Numerous veterans have told me the “Suck it up, soldier” mentality is pervasive throughout the military, whether you are suffering from physical or mental illness, such as PTSD.

Meanwhile, suicide rates two and a half times the national average plague the military. A report released by the Pentagon earlier this month showed that 265 active-duty service members killed themselves last year, continuing seven consecutive years of higher than larger numbers. You can read this USA Today report.

Numerous military watchdog groups claim the actual number of enlisted personnel killing themselves is 22 per day, but other pro-Pentagon groups dispute that number.

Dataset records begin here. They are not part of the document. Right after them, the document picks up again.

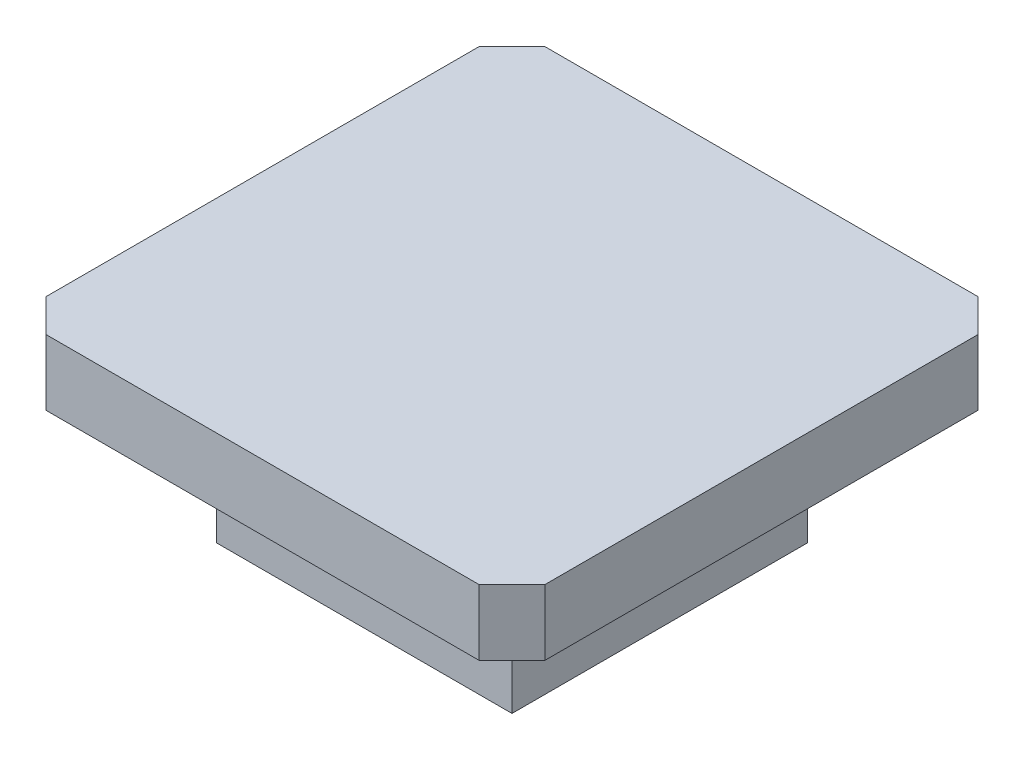
ISO-10303-21;
HEADER;
FILE_DESCRIPTION(('STEP AP214'),'2;1');
FILE_NAME('part.step','',(''),(''),'','','');
FILE_SCHEMA(('AUTOMOTIVE_DESIGN { 1 0 10303 214 1 1 1 1 }'));
ENDSEC;
DATA;
#1=APPLICATION_CONTEXT('core data for automotive mechanical design processes');
#2=APPLICATION_PROTOCOL_DEFINITION('international standard','automotive_design',2000,#1);
#3=PRODUCT_CONTEXT('',#1,'mechanical');
#4=PRODUCT('Part','Part','',(#3));
#5=PRODUCT_RELATED_PRODUCT_CATEGORY('part','',(#4));
#6=PRODUCT_DEFINITION_FORMATION('','',#4);
#7=PRODUCT_DEFINITION_CONTEXT('part definition',#1,'design');
#8=PRODUCT_DEFINITION('design','',#6,#7);
#9=PRODUCT_DEFINITION_SHAPE('','',#8);
#10=(LENGTH_UNIT() NAMED_UNIT(*) SI_UNIT(.MILLI.,.METRE.));
#11=(NAMED_UNIT(*) PLANE_ANGLE_UNIT() SI_UNIT($,.RADIAN.));
#12=(NAMED_UNIT(*) SI_UNIT($,.STERADIAN.) SOLID_ANGLE_UNIT());
#13=UNCERTAINTY_MEASURE_WITH_UNIT(LENGTH_MEASURE(1.E-05),#10,'distance_accuracy_value','');
#14=(GEOMETRIC_REPRESENTATION_CONTEXT(3) GLOBAL_UNCERTAINTY_ASSIGNED_CONTEXT((#13)) GLOBAL_UNIT_ASSIGNED_CONTEXT((#10,
#11,#12)) REPRESENTATION_CONTEXT('',''));
#15=CARTESIAN_POINT('',(0.,0.,0.));
#16=DIRECTION('',(0.,0.,1.));
#17=DIRECTION('',(1.,0.,0.));
#18=AXIS2_PLACEMENT_3D('',#15,#16,#17);
#19=CARTESIAN_POINT('',(0.,0.,0.));
#20=DIRECTION('',(0.,-1.,0.));
#21=DIRECTION('',(0.,0.,-1.));
#22=AXIS2_PLACEMENT_3D('',#19,#20,#21);
#23=PLANE('',#22);
#24=DIRECTION('',(0.,0.,1.));
#25=VECTOR('',#24,1.);
#26=CARTESIAN_POINT('',(8.25499999999988,0.,0.));
#27=LINE('',#26,#25);
#28=CARTESIAN_POINT('',(8.25499999999988,0.,-40.0050000000001));
#29=VERTEX_POINT('',#28);
#30=CARTESIAN_POINT('',(8.25499999999988,0.,-8.25500000000011));
#31=VERTEX_POINT('',#30);
#32=EDGE_CURVE('E228',#29,#31,#27,.T.);
#33=ORIENTED_EDGE('',*,*,#32,.T.);
#34=DIRECTION('',(1.,0.,0.));
#35=VECTOR('',#34,1.);
#36=CARTESIAN_POINT('',(0.,0.,-8.25500000000011));
#37=LINE('',#36,#35);
#38=CARTESIAN_POINT('',(40.0049999999999,0.,-8.25500000000011));
#39=VERTEX_POINT('',#38);
#40=EDGE_CURVE('E234',#31,#39,#37,.T.);
#41=ORIENTED_EDGE('',*,*,#40,.T.);
#42=DIRECTION('',(0.,0.,-1.));
#43=VECTOR('',#42,1.);
#44=CARTESIAN_POINT('',(40.0049999999999,0.,0.));
#45=LINE('',#44,#43);
#46=CARTESIAN_POINT('',(40.0049999999999,0.,-40.0050000000001));
#47=VERTEX_POINT('',#46);
#48=EDGE_CURVE('E232',#39,#47,#45,.T.);
#49=ORIENTED_EDGE('',*,*,#48,.T.);
#50=DIRECTION('',(-1.,0.,0.));
#51=VECTOR('',#50,1.);
#52=CARTESIAN_POINT('',(0.,0.,-40.0050000000001));
#53=LINE('',#52,#51);
#54=EDGE_CURVE('E230',#47,#29,#53,.T.);
#55=ORIENTED_EDGE('',*,*,#54,.T.);
#56=EDGE_LOOP('',(#33,#41,#49,#55));
#57=FACE_BOUND('',#56,.T.);
#58=DIRECTION('',(-1.,0.,0.));
#59=VECTOR('',#58,1.);
#60=CARTESIAN_POINT('',(0.,0.,-48.26));
#61=LINE('',#60,#59);
#62=CARTESIAN_POINT('',(45.085,0.,-48.26));
#63=VERTEX_POINT('',#62);
#64=CARTESIAN_POINT('',(3.175,0.,-48.26));
#65=VERTEX_POINT('',#64);
#66=EDGE_CURVE('E174',#63,#65,#61,.T.);
#67=ORIENTED_EDGE('',*,*,#66,.F.);
#68=DIRECTION('',(-0.707106781186545,0.,-0.70710678118655));
#69=VECTOR('',#68,1.);
#70=CARTESIAN_POINT('',(46.6725000000002,0.,-46.6724999999999));
#71=LINE('',#70,#69);
#72=CARTESIAN_POINT('',(48.26,0.,-45.085));
#73=VERTEX_POINT('',#72);
#74=EDGE_CURVE('E201',#63,#73,#71,.F.);
#75=ORIENTED_EDGE('',*,*,#74,.T.);
#76=DIRECTION('',(0.,0.,-1.));
#77=VECTOR('',#76,1.);
#78=CARTESIAN_POINT('',(48.26,0.,0.));
#79=LINE('',#78,#77);
#80=CARTESIAN_POINT('',(48.26,0.,-3.175));
#81=VERTEX_POINT('',#80);
#82=EDGE_CURVE('E186',#81,#73,#79,.T.);
#83=ORIENTED_EDGE('',*,*,#82,.F.);
#84=DIRECTION('',(0.707106781186549,0.,-0.707106781186546));
#85=VECTOR('',#84,1.);
#86=CARTESIAN_POINT('',(22.5424999999999,0.,22.5425));
#87=LINE('',#86,#85);
#88=CARTESIAN_POINT('',(45.085,0.,0.));
#89=VERTEX_POINT('',#88);
#90=EDGE_CURVE('E195',#81,#89,#87,.F.);
#91=ORIENTED_EDGE('',*,*,#90,.T.);
#92=DIRECTION('',(1.,0.,0.));
#93=VECTOR('',#92,1.);
#94=CARTESIAN_POINT('',(0.,0.,0.));
#95=LINE('',#94,#93);
#96=CARTESIAN_POINT('',(3.17500000000001,0.,0.));
#97=VERTEX_POINT('',#96);
#98=EDGE_CURVE('E164',#97,#89,#95,.T.);
#99=ORIENTED_EDGE('',*,*,#98,.F.);
#100=DIRECTION('',(0.707106781186546,0.,0.707106781186549));
#101=VECTOR('',#100,1.);
#102=CARTESIAN_POINT('',(1.58750000000001,0.,-1.5875));
#103=LINE('',#102,#101);
#104=CARTESIAN_POINT('',(0.,0.,-3.17500000000002));
#105=VERTEX_POINT('',#104);
#106=EDGE_CURVE('E197',#97,#105,#103,.F.);
#107=ORIENTED_EDGE('',*,*,#106,.T.);
#108=DIRECTION('',(0.,0.,1.));
#109=VECTOR('',#108,1.);
#110=CARTESIAN_POINT('',(0.,0.,0.));
#111=LINE('',#110,#109);
#112=CARTESIAN_POINT('',(0.,0.,-45.085));
#113=VERTEX_POINT('',#112);
#114=EDGE_CURVE('E161',#113,#105,#111,.T.);
#115=ORIENTED_EDGE('',*,*,#114,.F.);
#116=DIRECTION('',(-0.70710678118655,0.,0.707106781186545));
#117=VECTOR('',#116,1.);
#118=CARTESIAN_POINT('',(-22.5425,0.,-22.5425000000002));
#119=LINE('',#118,#117);
#120=EDGE_CURVE('E199',#113,#65,#119,.F.);
#121=ORIENTED_EDGE('',*,*,#120,.T.);
#122=EDGE_LOOP('',(#67,#75,#83,#91,#99,#107,#115,#121));
#123=FACE_BOUND('',#122,.T.);
#124=ADVANCED_FACE('F36',(#57,#123),#23,.T.);
#125=CARTESIAN_POINT('',(0.,6.35,0.));
#126=DIRECTION('',(1.,0.,0.));
#127=DIRECTION('',(0.,0.,-1.));
#128=AXIS2_PLACEMENT_3D('',#125,#126,#127);
#129=PLANE('',#128);
#130=DIRECTION('',(0.,0.,1.));
#131=VECTOR('',#130,1.);
#132=CARTESIAN_POINT('',(0.,6.35,0.));
#133=LINE('',#132,#131);
#134=CARTESIAN_POINT('',(0.,6.35,-45.085));
#135=VERTEX_POINT('',#134);
#136=CARTESIAN_POINT('',(0.,6.35,-3.17500000000002));
#137=VERTEX_POINT('',#136);
#138=EDGE_CURVE('E170',#135,#137,#133,.T.);
#139=ORIENTED_EDGE('',*,*,#138,.F.);
#140=DIRECTION('',(0.,-1.,0.));
#141=VECTOR('',#140,1.);
#142=CARTESIAN_POINT('',(0.,6.35,-45.085));
#143=LINE('',#142,#141);
#144=EDGE_CURVE('E218',#135,#113,#143,.T.);
#145=ORIENTED_EDGE('',*,*,#144,.T.);
#146=ORIENTED_EDGE('',*,*,#114,.T.);
#147=DIRECTION('',(0.,1.,0.));
#148=VECTOR('',#147,1.);
#149=CARTESIAN_POINT('',(0.,6.35,-3.17500000000002));
#150=LINE('',#149,#148);
#151=EDGE_CURVE('E216',#105,#137,#150,.T.);
#152=ORIENTED_EDGE('',*,*,#151,.T.);
#153=EDGE_LOOP('',(#139,#145,#146,#152));
#154=FACE_BOUND('',#153,.T.);
#155=ADVANCED_FACE('F277',(#154),#129,.F.);
#156=CARTESIAN_POINT('',(0.,6.35,0.));
#157=DIRECTION('',(0.,0.,-1.));
#158=DIRECTION('',(-1.,0.,0.));
#159=AXIS2_PLACEMENT_3D('',#156,#157,#158);
#160=PLANE('',#159);
#161=DIRECTION('',(1.,0.,0.));
#162=VECTOR('',#161,1.);
#163=CARTESIAN_POINT('',(0.,6.35,0.));
#164=LINE('',#163,#162);
#165=CARTESIAN_POINT('',(3.175,6.35,0.));
#166=VERTEX_POINT('',#165);
#167=CARTESIAN_POINT('',(45.085,6.35,0.));
#168=VERTEX_POINT('',#167);
#169=EDGE_CURVE('E173',#166,#168,#164,.T.);
#170=ORIENTED_EDGE('',*,*,#169,.F.);
#171=DIRECTION('',(0.,-1.,0.));
#172=VECTOR('',#171,1.);
#173=CARTESIAN_POINT('',(3.175,6.35,0.));
#174=LINE('',#173,#172);
#175=EDGE_CURVE('E223',#166,#97,#174,.T.);
#176=ORIENTED_EDGE('',*,*,#175,.T.);
#177=ORIENTED_EDGE('',*,*,#98,.T.);
#178=DIRECTION('',(0.,1.,0.));
#179=VECTOR('',#178,1.);
#180=CARTESIAN_POINT('',(45.085,6.35,0.));
#181=LINE('',#180,#179);
#182=EDGE_CURVE('E221',#89,#168,#181,.T.);
#183=ORIENTED_EDGE('',*,*,#182,.T.);
#184=EDGE_LOOP('',(#170,#176,#177,#183));
#185=FACE_BOUND('',#184,.T.);
#186=ADVANCED_FACE('F282',(#185),#160,.F.);
#187=CARTESIAN_POINT('',(48.26,6.35,0.));
#188=DIRECTION('',(-1.,0.,0.));
#189=DIRECTION('',(0.,0.,1.));
#190=AXIS2_PLACEMENT_3D('',#187,#188,#189);
#191=PLANE('',#190);
#192=ORIENTED_EDGE('',*,*,#82,.T.);
#193=DIRECTION('',(0.,1.,0.));
#194=VECTOR('',#193,1.);
#195=CARTESIAN_POINT('',(48.26,6.35,-45.085));
#196=LINE('',#195,#194);
#197=CARTESIAN_POINT('',(48.26,6.35,-45.085));
#198=VERTEX_POINT('',#197);
#199=EDGE_CURVE('E206',#73,#198,#196,.T.);
#200=ORIENTED_EDGE('',*,*,#199,.T.);
#201=DIRECTION('',(0.,0.,-1.));
#202=VECTOR('',#201,1.);
#203=CARTESIAN_POINT('',(48.26,6.35,0.));
#204=LINE('',#203,#202);
#205=CARTESIAN_POINT('',(48.26,6.35,-3.175));
#206=VERTEX_POINT('',#205);
#207=EDGE_CURVE('E177',#206,#198,#204,.T.);
#208=ORIENTED_EDGE('',*,*,#207,.F.);
#209=DIRECTION('',(0.,-1.,0.));
#210=VECTOR('',#209,1.);
#211=CARTESIAN_POINT('',(48.26,6.35,-3.175));
#212=LINE('',#211,#210);
#213=EDGE_CURVE('E203',#206,#81,#212,.T.);
#214=ORIENTED_EDGE('',*,*,#213,.T.);
#215=EDGE_LOOP('',(#192,#200,#208,#214));
#216=FACE_BOUND('',#215,.T.);
#217=ADVANCED_FACE('F292',(#216),#191,.F.);
#218=CARTESIAN_POINT('',(0.,6.35,-48.26));
#219=DIRECTION('',(0.,0.,1.));
#220=DIRECTION('',(1.,0.,0.));
#221=AXIS2_PLACEMENT_3D('',#218,#219,#220);
#222=PLANE('',#221);
#223=DIRECTION('',(-1.,0.,0.));
#224=VECTOR('',#223,1.);
#225=CARTESIAN_POINT('',(0.,6.35,-48.26));
#226=LINE('',#225,#224);
#227=CARTESIAN_POINT('',(45.085,6.35,-48.26));
#228=VERTEX_POINT('',#227);
#229=CARTESIAN_POINT('',(3.175,6.35,-48.26));
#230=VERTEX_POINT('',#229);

On the issue of women who commit suicide, sexual harassment is a huge problem. It is a problem among men too. In fact, another study released earlier this month in JAMA Psychiatry showed that men who experience sexual trauma in the military are more likely to end up homeless than women after deployment.

Last year, I interviewed Kara Moreland, a Marine veteran who came back from Iraq with a diagnosis of PTSD. She claims most of her problems stemmed from mental abuse from a male superior. You can read Kara’s story by clicking here. Like so many veterans, she ended up with an alcohol problem after trying to medicate PTSD-related anxiety with booze.

Jennifer Granholm Said It Best

The new study in JAMA Psychiatry reaches a couple of conclusions. “The higher risk among non-deployed soldiers in their second month of service, a stressful time during basic training and Army acculturation, reinforces the importance of developing and evaluating effective risk detection and intervention strategies early in a soldier's career,” the authors report. “Whether this risk pattern was associated with expanded Army recruitment during war or anticipated deployments or is a persistent pattern or risk among soldiers in training remains to be determined.”

And as for soldiers who are deployed and attempt suicide when they get home?

“Among post-deployment soldiers, risk increased over the first five months after deployment. Difficulties with post-deployment readjustment are well document,” the authors conclude. “The peak risk at five months after deployment is greater three to six months after deployment than immediately on return. This is further supported by our finding that soldiers who screened positive for depression or PRTSD during the later assessment (PDHRA) had higher risk than those with a negative screen and those with an early PDHA positive screen only.”

A famous quote by Jennifer M. Granholm, former governor of Michigan, is making its way around social media today. “”Ceremonies are important. But our gratitude has to be more than visits to the troops, and once-a-year Memorial Day ceremonies. We honor the dead best by treating the living well.”

It couldn’t ring more true.

This Memorial Day, we know that global conflict remains an inevitable reality. We need to begin giving our soldiers proper care and compassion during their service immediately. To ignore our shortcomings in this regard is at our own peril.